Task
Below are the entries to work from; restate word for word the portion that opens with the line containing "- Coincident1: coincident" and closes with the line containing "- Coincident3: coincident", keeping both.

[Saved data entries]

+ + + +

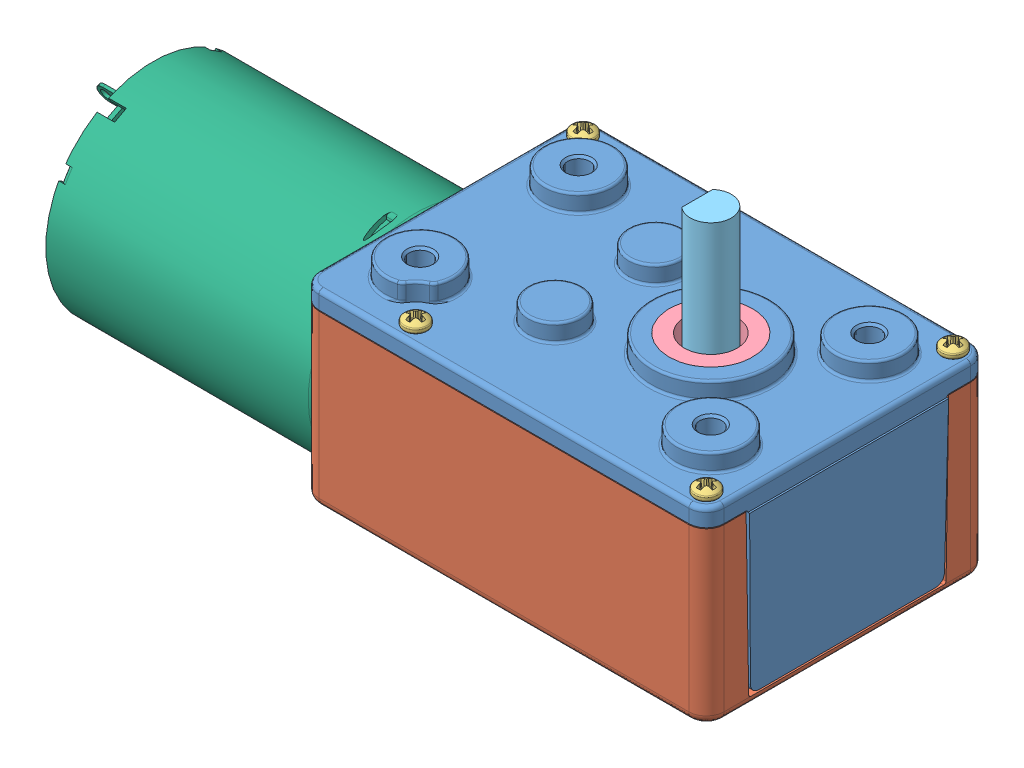
SolidWorks assembly Amazon-gearmotor, configuration Default. Lengths in mm.
Overall size (121.88 63.37 48.95).
9 component instances, 6 part files, 19 mates.
Components (placement in the parent):
- gearbox-case-output-2: gearbox-case-output [Default] at (26.6557 27.7252 36.633) size (69.3 33.45 48)
- gearbox-case-input-1: gearbox-case-input [Default] at (22.1496 2.1331 36.8616) size (69 32.25 48)
- M2-04-6-92000A013_18-8 SS METRIC PAN HEAD PHIL MACHINE SCREW-1: M2-04-6-92000A013_18-8 SS METRIC PAN HEAD PHIL MACHINE SCREW [92000A013] at (-14.5355 25.1047 15.6352) x (1 0 0) z (0 1 0) size (4 4 7.68)
- M2-04-6-92000A013_18-8 SS METRIC PAN HEAD PHIL MACHINE SCREW-2: M2-04-6-92000A013_18-8 SS METRIC PAN HEAD PHIL MACHINE SCREW [92000A013] at (-1.0355 25.1047 57.6352) x (1 0 0) z (0 1 0) size (4 4 7.68)
- M2-04-6-92000A013_18-8 SS METRIC PAN HEAD PHIL MACHINE SCREW-3: M2-04-6-92000A013_18-8 SS METRIC PAN HEAD PHIL MACHINE SCREW [92000A013] at (48.4645 25.1047 15.6352) x (1 0 0) z (0 1 0) size (4 4 7.68)
- M2-04-6-92000A013_18-8 SS METRIC PAN HEAD PHIL MACHINE SCREW-4: M2-04-6-92000A013_18-8 SS METRIC PAN HEAD PHIL MACHINE SCREW [92000A013] at (48.4645 25.1047 57.6352) x (1 0 0) z (0 1 0) size (4 4 7.68)
- Amazon-gearmotor-bushing-1: Amazon-gearmotor-bushing [Default] at (28.2145 28.6893 36.6352) size (18 7.5 18)
- Amazon-gearmotor-shaft-1: Amazon-gearmotor-shaft [Default] at (28.2145 27.8047 36.6352) x (-1 0 0) z (0 0 -1) size (7 25 7)
- Amazon-gearmotor-motor-1: Amazon-gearmotor-motor [Default] at (-58.1724 11.3778 39.6357) x (0 0.224951 -0.97437) z (0 -0.97437 -0.224951) size (36.6 75.83 36.6)
Mates (geometry in assembly coordinates):
- Concentric1: concentric anti-aligned: cylinder of gearbox-case-output-2 through (48.4645 28.1047 57.6352) axis (0 -1 0) radius 1.8; cylinder of gearbox-case-input-1 through (48.4645 28.1047 57.6352) axis (0 1 0) radius 1.2
- Concentric2: concentric anti-aligned: cylinder of gearbox-case-output-2 through (-14.5355 28.1047 15.6352) axis (0 -1 0) radius 1.8; cylinder of gearbox-case-input-1 through (-14.5355 28.1047 15.6352) axis (0 1 0) radius 1.2
- Coincident1: coincident anti-aligned: plane of gearbox-case-output-2 through (48.4645 28.1047 15.6352) normal (0 -1 0); plane of gearbox-case-input-1 through (48.4645 28.1047 15.6352) normal (0 1 0)
- Coincident2: coincident anti-aligned: plane of gearbox-case-output-2 through (48.4645 31.1047 15.6352) normal (0 1 0); plane of M2-04-6-92000A013_18-8 SS METRIC PAN HEAD PHIL MACHINE SCREW-1 through (-14.5355 31.1047 15.6352) normal (0 -1 0)
- Concentric3: concentric anti-aligned: circle of gearbox-case-output-2; circle of M2-04-6-92000A013_18-8 SS METRIC PAN HEAD PHIL MACHINE SCREW-1
- Coincident3: coincident anti-aligned: plane of gearbox-case-output-2 through (48.4645 31.1047 15.6352) normal (0 1 0); plane of M2-04-6-92000A013_18-8 SS METRIC PAN HEAD PHIL MACHINE SCREW-2 through (-1.0355 31.1047 57.6352) normal (0 -1 0)
- Coincident4: coincident anti-aligned: plane of gearbox-case-output-2 through (48.4645 31.1047 15.6352) normal (0 1 0); plane of M2-04-6-92000A013_18-8 SS METRIC PAN HEAD PHIL MACHINE SCREW-3 through (48.4645 31.1047 15.6352) normal (0 -1 0)
- Coincident5: coincident anti-aligned: plane of gearbox-case-output-2 through (48.4645 31.1047 15.6352) normal (0 1 0); plane of M2-04-6-92000A013_18-8 SS METRIC PAN HEAD PHIL MACHINE SCREW-4 through (48.4645 31.1047 57.6352) normal (0 -1 0)
- Concentric4: concentric anti-aligned: circle of gearbox-case-output-2; circle of M2-04-6-92000A013_18-8 SS METRIC PAN HEAD PHIL MACHINE SCREW-2
- Concentric5: concentric anti-aligned: circle of gearbox-case-output-2; circle of M2-04-6-92000A013_18-8 SS METRIC PAN HEAD PHIL MACHINE SCREW-4
- Concentric6: concentric anti-aligned: circle of gearbox-case-output-2; circle of M2-04-6-92000A013_18-8 SS METRIC PAN HEAD PHIL MACHINE SCREW-3
- Coincident6: coincident aligned: circle of gearbox-case-output-2; plane of Amazon-gearmotor-bushing-1 through (28.2145 28.1047 36.6352) normal (0 1 0)
- Concentric7: concentric aligned: circle of gearbox-case-output-2; circle of Amazon-gearmotor-bushing-1
- Distance1: distance = 18.7 mm aligned: plane of Amazon-gearmotor-shaft-1 through (28.2145 52.8047 36.6352) normal (0 1 0); plane of gearbox-case-output-2 through (28.2145 34.1047 36.6352) normal (0 1 0)
- Concentric8: concentric aligned: cylinder of Amazon-gearmotor-bushing-1 through (28.2145 34.1047 36.6352) axis (0 -1 0) radius 4.5015; cylinder of Amazon-gearmotor-shaft-1 through (28.2145 52.8047 36.6352) axis (0 -1 0) radius 3.5
- Coincident8: coincident anti-aligned: plane of gearbox-case-input-1 through (-17.5355 28.1047 15.6352) normal (-1 0 0); plane of Amazon-gearmotor-motor-1 through (-17.5355 11.3797 39.6352) normal (1 0 0)
- Concentric9: concentric anti-aligned: circle of gearbox-case-input-1; circle of Amazon-gearmotor-motor-1
- Concentric10: concentric anti-aligned: circle of gearbox-case-input-1; circle of Amazon-gearmotor-motor-1
- Parallel1: parallel aligned: plane of gearbox-case-input-1 through (-17.5355 28.1047 15.6352) normal (-1 0 0); plane of Amazon-gearmotor-shaft-1 through (25.9145 52.8047 33.1352) normal (-1 0 0)

+ + + +

Final answer
- Coincident1: coincident anti-aligned: plane of gearbox-case-output-2 through (48.4645 28.1047 15.6352) normal (0 -1 0); plane of gearbox-case-input-1 through (48.4645 28.1047 15.6352) normal (0 1 0)
- Coincident2: coincident anti-aligned: plane of gearbox-case-output-2 through (48.4645 31.1047 15.6352) normal (0 1 0); plane of M2-04-6-92000A013_18-8 SS METRIC PAN HEAD PHIL MACHINE SCREW-1 through (-14.5355 31.1047 15.6352) normal (0 -1 0)
- Concentric3: concentric anti-aligned: circle of gearbox-case-output-2; circle of M2-04-6-92000A013_18-8 SS METRIC PAN HEAD PHIL MACHINE SCREW-1
- Coincident3: coincident anti-aligned: plane of gearbox-case-output-2 through (48.4645 31.1047 15.6352) normal (0 1 0); plane of M2-04-6-92000A013_18-8 SS METRIC PAN HEAD PHIL MACHINE SCREW-2 through (-1.0355 31.1047 57.6352) normal (0 -1 0)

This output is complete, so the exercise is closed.